• [Task details]
In the listing below, locate the line that contains "#131=VERTEX_POINT('',#130);" and the line that contains "#146=DIRECTION('',(1.,0.,0.));". Restate word for word those two lines and every line between them, and nothing else.

____________

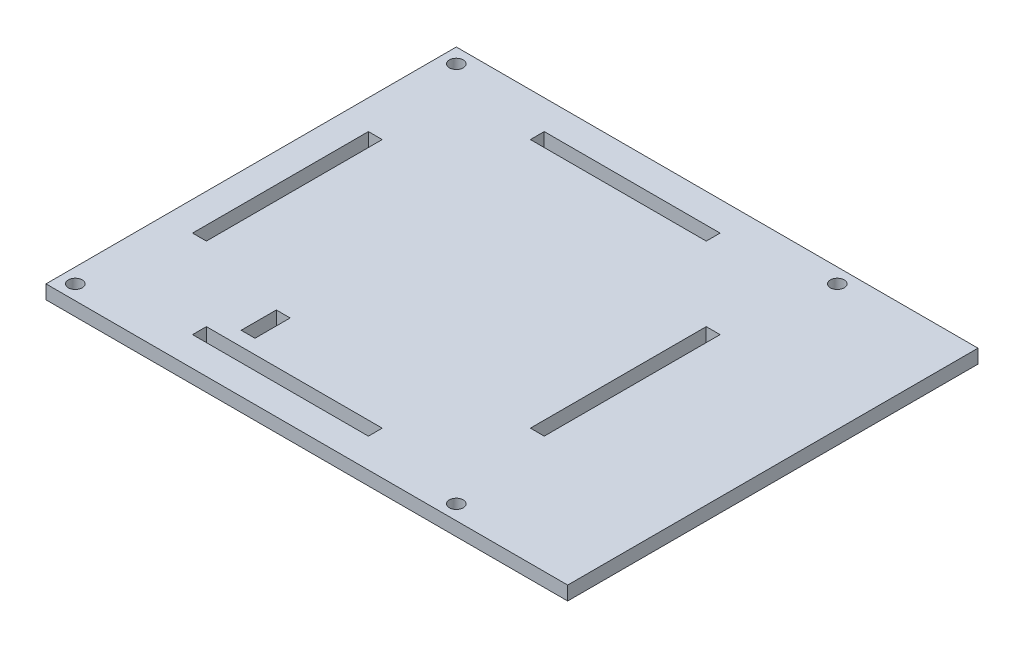
ISO-10303-21;
HEADER;
FILE_DESCRIPTION(('STEP AP214'),'2;1');
FILE_NAME('part.step','',(''),(''),'','','');
FILE_SCHEMA(('AUTOMOTIVE_DESIGN { 1 0 10303 214 1 1 1 1 }'));
ENDSEC;
DATA;
#1=APPLICATION_CONTEXT('core data for automotive mechanical design processes');
#2=APPLICATION_PROTOCOL_DEFINITION('international standard','automotive_design',2000,#1);
#3=PRODUCT_CONTEXT('',#1,'mechanical');
#4=PRODUCT('Part','Part','',(#3));
#5=PRODUCT_RELATED_PRODUCT_CATEGORY('part','',(#4));
#6=PRODUCT_DEFINITION_FORMATION('','',#4);
#7=PRODUCT_DEFINITION_CONTEXT('part definition',#1,'design');
#8=PRODUCT_DEFINITION('design','',#6,#7);
#9=PRODUCT_DEFINITION_SHAPE('','',#8);
#10=(LENGTH_UNIT() NAMED_UNIT(*) SI_UNIT(.MILLI.,.METRE.));
#11=(NAMED_UNIT(*) PLANE_ANGLE_UNIT() SI_UNIT($,.RADIAN.));
#12=(NAMED_UNIT(*) SI_UNIT($,.STERADIAN.) SOLID_ANGLE_UNIT());
#13=UNCERTAINTY_MEASURE_WITH_UNIT(LENGTH_MEASURE(1.E-05),#10,'distance_accuracy_value','');
#14=(GEOMETRIC_REPRESENTATION_CONTEXT(3) GLOBAL_UNCERTAINTY_ASSIGNED_CONTEXT((#13)) GLOBAL_UNIT_ASSIGNED_CONTEXT((#10,
#11,#12)) REPRESENTATION_CONTEXT('',''));
#15=CARTESIAN_POINT('',(0.,0.,0.));
#16=DIRECTION('',(0.,0.,1.));
#17=DIRECTION('',(1.,0.,0.));
#18=AXIS2_PLACEMENT_3D('',#15,#16,#17);
#19=CARTESIAN_POINT('',(0.,3.,0.));
#20=DIRECTION('',(0.,-1.,0.));
#21=DIRECTION('',(0.,0.,-1.));
#22=AXIS2_PLACEMENT_3D('',#19,#20,#21);
#23=PLANE('',#22);
#24=DIRECTION('',(0.,0.,1.));
#25=VECTOR('',#24,1.);
#26=CARTESIAN_POINT('',(-14.6000000000003,3.,24.4002499999995));
#27=LINE('',#26,#25);
#28=CARTESIAN_POINT('',(-14.6000000000003,3.,24.4002499999995));
#29=VERTEX_POINT('',#28);
#30=CARTESIAN_POINT('',(-14.6000000000003,3.,32.0202499999995));
#31=VERTEX_POINT('',#30);
#32=EDGE_CURVE('E234',#29,#31,#27,.T.);
#33=ORIENTED_EDGE('',*,*,#32,.F.);
#34=DIRECTION('',(-1.,0.,0.));
#35=VECTOR('',#34,1.);
#36=CARTESIAN_POINT('',(-14.6000000000003,3.,24.4002499999995));
#37=LINE('',#36,#35);
#38=CARTESIAN_POINT('',(-11.6000000000003,3.,24.4002499999995));
#39=VERTEX_POINT('',#38);
#40=EDGE_CURVE('E224',#39,#29,#37,.T.);
#41=ORIENTED_EDGE('',*,*,#40,.F.);
#42=DIRECTION('',(0.,0.,-1.));
#43=VECTOR('',#42,1.);
#44=CARTESIAN_POINT('',(-11.6000000000003,3.,24.4002499999995));
#45=LINE('',#44,#43);
#46=CARTESIAN_POINT('',(-11.6000000000003,3.,32.0202499999995));
#47=VERTEX_POINT('',#46);
#48=EDGE_CURVE('E238',#47,#39,#45,.T.);
#49=ORIENTED_EDGE('',*,*,#48,.F.);
#50=DIRECTION('',(1.,0.,0.));
#51=VECTOR('',#50,1.);
#52=CARTESIAN_POINT('',(-14.6000000000003,3.,32.0202499999995));
#53=LINE('',#52,#51);
#54=EDGE_CURVE('E60',#31,#47,#53,.T.);
#55=ORIENTED_EDGE('',*,*,#54,.F.);
#56=EDGE_LOOP('',(#33,#41,#49,#55));
#57=FACE_BOUND('',#56,.T.);
#58=DIRECTION('',(1.,0.,0.));
#59=VECTOR('',#58,1.);
#60=CARTESIAN_POINT('',(19.05,3.,38.0999999999995));
#61=LINE('',#60,#59);
#62=CARTESIAN_POINT('',(-19.05,3.,38.0999999999995));
#63=VERTEX_POINT('',#62);
#64=CARTESIAN_POINT('',(19.05,3.,38.0999999999995));
#65=VERTEX_POINT('',#64);
#66=EDGE_CURVE('E312',#63,#65,#61,.T.);
#67=ORIENTED_EDGE('',*,*,#66,.F.);
#68=DIRECTION('',(0.,0.,1.));
#69=VECTOR('',#68,1.);
#70=CARTESIAN_POINT('',(-19.05,3.,35.0999999999995));
#71=LINE('',#70,#69);
#72=CARTESIAN_POINT('',(-19.05,3.,35.0999999999995));
#73=VERTEX_POINT('',#72);
#74=EDGE_CURVE('E323',#73,#63,#71,.T.);
#75=ORIENTED_EDGE('',*,*,#74,.F.);
#76=DIRECTION('',(-1.,0.,0.));
#77=VECTOR('',#76,1.);
#78=CARTESIAN_POINT('',(19.05,3.,35.0999999999995));
#79=LINE('',#78,#77);
#80=CARTESIAN_POINT('',(19.05,3.,35.0999999999995));
#81=VERTEX_POINT('',#80);
#82=EDGE_CURVE('E319',#81,#73,#79,.T.);
#83=ORIENTED_EDGE('',*,*,#82,.F.);
#84=DIRECTION('',(0.,0.,-1.));
#85=VECTOR('',#84,1.);
#86=CARTESIAN_POINT('',(19.05,3.,35.0999999999995));
#87=LINE('',#86,#85);
#88=EDGE_CURVE('E315',#65,#81,#87,.T.);
#89=ORIENTED_EDGE('',*,*,#88,.F.);
#90=EDGE_LOOP('',(#67,#75,#83,#89));
#91=FACE_BOUND('',#90,.T.);
#92=CARTESIAN_POINT('',(-41.2750000000004,3.,41.2749999999996));
#93=DIRECTION('',(0.,1.,0.));
#94=DIRECTION('',(0.,0.,1.));
#95=AXIS2_PLACEMENT_3D('',#92,#93,#94);
#96=CIRCLE('',#95,1.50000000000001);
#97=CARTESIAN_POINT('',(-41.2750000000004,3.,42.7749999999996));
#98=VERTEX_POINT('',#97);
#99=EDGE_CURVE('E398',#98,#98,#96,.T.);
#100=ORIENTED_EDGE('',*,*,#99,.F.);
#101=EDGE_LOOP('',(#100));
#102=FACE_BOUND('',#101,.T.);
#103=CARTESIAN_POINT('',(41.275,3.,41.2749999999999));
#104=DIRECTION('',(0.,1.,0.));
#105=DIRECTION('',(0.,0.,1.));
#106=AXIS2_PLACEMENT_3D('',#103,#104,#105);
#107=CIRCLE('',#106,1.50000000000039);
#108=CARTESIAN_POINT('',(41.275,3.,42.7750000000003));
#109=VERTEX_POINT('',#108);
#110=EDGE_CURVE('E406',#109,#109,#107,.T.);
#111=ORIENTED_EDGE('',*,*,#110,.F.);
#112=EDGE_LOOP('',(#111));
#113=FACE_BOUND('',#112,.T.);
#114=CARTESIAN_POINT('',(41.2750000000002,3.,-41.2749999999999));
#115=DIRECTION('',(0.,1.,0.));
#116=DIRECTION('',(0.,0.,1.));
#117=AXIS2_PLACEMENT_3D('',#114,#115,#116);
#118=CIRCLE('',#117,1.5);
#119=CARTESIAN_POINT('',(41.2750000000002,3.,-39.7749999999999));
#120=VERTEX_POINT('',#119);
#121=EDGE_CURVE('E414',#120,#120,#118,.T.);
#122=ORIENTED_EDGE('',*,*,#121,.F.);
#123=EDGE_LOOP('',(#122));
#124=FACE_BOUND('',#123,.T.);
#125=CARTESIAN_POINT('',(-41.275,3.,-41.2750000000001));
#126=DIRECTION('',(0.,1.,0.));
#127=DIRECTION('',(0.,0.,1.));
#128=AXIS2_PLACEMENT_3D('',#125,#126,#127);
#129=CIRCLE('',#128,1.49999999999997);
#130=CARTESIAN_POINT('',(-41.275,3.,-39.7750000000001));
#131=VERTEX_POINT('',#130);
#132=EDGE_CURVE('E422',#131,#131,#129,.T.);
#133=ORIENTED_EDGE('',*,*,#132,.F.);
#134=EDGE_LOOP('',(#133));
#135=FACE_BOUND('',#134,.T.);
#136=DIRECTION('',(0.,0.,-1.));
#137=VECTOR('',#136,1.);
#138=CARTESIAN_POINT('',(19.049999999999,3.,-35.1));
#139=LINE('',#138,#137);
#140=CARTESIAN_POINT('',(19.049999999999,3.,-35.1));
#141=VERTEX_POINT('',#140);
#142=CARTESIAN_POINT('',(19.049999999999,3.,-38.1));
#143=VERTEX_POINT('',#142);
#144=EDGE_CURVE('E430',#141,#143,#139,.T.);
#145=ORIENTED_EDGE('',*,*,#144,.F.);
#146=DIRECTION('',(1.,0.,0.));
#147=VECTOR('',#146,1.);
#148=CARTESIAN_POINT('',(-19.050000000001,3.,-35.1));
#149=LINE('',#148,#147);
#150=CARTESIAN_POINT('',(-19.050000000001,3.,-35.1));
#151=VERTEX_POINT('',#150);
#152=EDGE_CURVE('E441',#151,#141,#149,.T.);
#153=ORIENTED_EDGE('',*,*,#152,.F.);
#154=DIRECTION('',(0.,0.,1.));
#155=VECTOR('',#154,1.);
#156=CARTESIAN_POINT('',(-19.050000000001,3.,-35.1));
#157=LINE('',#156,#155);
#158=CARTESIAN_POINT('',(-19.050000000001,3.,-38.1));
#159=VERTEX_POINT('',#158);
#160=EDGE_CURVE('E437',#159,#151,#157,.T.);
#161=ORIENTED_EDGE('',*,*,#160,.F.);
#162=DIRECTION('',(-1.,0.,0.));
#163=VECTOR('',#162,1.);
#164=CARTESIAN_POINT('',(-19.050000000001,3.,-38.1));
#165=LINE('',#164,#163);
#166=EDGE_CURVE('E433',#143,#159,#165,.T.);
#167=ORIENTED_EDGE('',*,*,#166,.F.);
#168=EDGE_LOOP('',(#145,#153,#161,#167));
#169=FACE_BOUND('',#168,.T.);
#170=DIRECTION('',(1.,0.,0.));
#171=VECTOR('',#170,1.);
#172=CARTESIAN_POINT('',(-44.45,3.,44.45));
#173=LINE('',#172,#171);
#174=CARTESIAN_POINT('',(-44.45,3.,44.45));
#175=VERTEX_POINT('',#174);
#176=CARTESIAN_POINT('',(68.58,3.,44.45));
#177=VERTEX_POINT('',#176);
#178=EDGE_CURVE('E480',#175,#177,#173,.T.);
#179=ORIENTED_EDGE('',*,*,#178,.T.);
#180=DIRECTION('',(0.,0.,1.));
#181=VECTOR('',#180,1.);
#182=CARTESIAN_POINT('',(68.58,3.,-44.45));
#183=LINE('',#182,#181);
#184=CARTESIAN_POINT('',(68.58,3.,-44.45));
#185=VERTEX_POINT('',#184);
#186=EDGE_CURVE('E264',#185,#177,#183,.T.);
#187=ORIENTED_EDGE('',*,*,#186,.F.);
#188=DIRECTION('',(-1.,0.,0.));
#189=VECTOR('',#188,1.);
#190=CARTESIAN_POINT('',(-44.45,3.,-44.45));
#191=LINE('',#190,#189);
#192=CARTESIAN_POINT('',(-44.45,3.,-44.45));
#193=VERTEX_POINT('',#192);
#194=EDGE_CURVE('E473',#185,#193,#191,.T.);
#195=ORIENTED_EDGE('',*,*,#194,.T.);
#196=DIRECTION('',(0.,0.,1.));
#197=VECTOR('',#196,1.);
#198=CARTESIAN_POINT('',(-44.45,3.,44.45));
#199=LINE('',#198,#197);
#200=EDGE_CURVE('E476',#193,#175,#199,.T.);
#201=ORIENTED_EDGE('',*,*,#200,.T.);
#202=EDGE_LOOP('',(#179,#187,#195,#201));
#203=FACE_BOUND('',#202,.T.);
#204=DIRECTION('',(0.,0.,-1.));
#205=VECTOR('',#204,1.);
#206=CARTESIAN_POINT('',(38.0999999999992,3.,-19.0500000000008));
#207=LINE('',#206,#205);
#208=CARTESIAN_POINT('',(38.0999999999992,3.,19.0499999999992));
#209=VERTEX_POINT('',#208);
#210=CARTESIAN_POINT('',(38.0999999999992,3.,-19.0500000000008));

____________

• [Task output]
#131=VERTEX_POINT('',#130);
#132=EDGE_CURVE('E422',#131,#131,#129,.T.);
#133=ORIENTED_EDGE('',*,*,#132,.F.);
#134=EDGE_LOOP('',(#133));
#135=FACE_BOUND('',#134,.T.);
#136=DIRECTION('',(0.,0.,-1.));
#137=VECTOR('',#136,1.);
#138=CARTESIAN_POINT('',(19.049999999999,3.,-35.1));
#139=LINE('',#138,#137);
#140=CARTESIAN_POINT('',(19.049999999999,3.,-35.1));
#141=VERTEX_POINT('',#140);
#142=CARTESIAN_POINT('',(19.049999999999,3.,-38.1));
#143=VERTEX_POINT('',#142);
#144=EDGE_CURVE('E430',#141,#143,#139,.T.);
#145=ORIENTED_EDGE('',*,*,#144,.F.);
#146=DIRECTION('',(1.,0.,0.));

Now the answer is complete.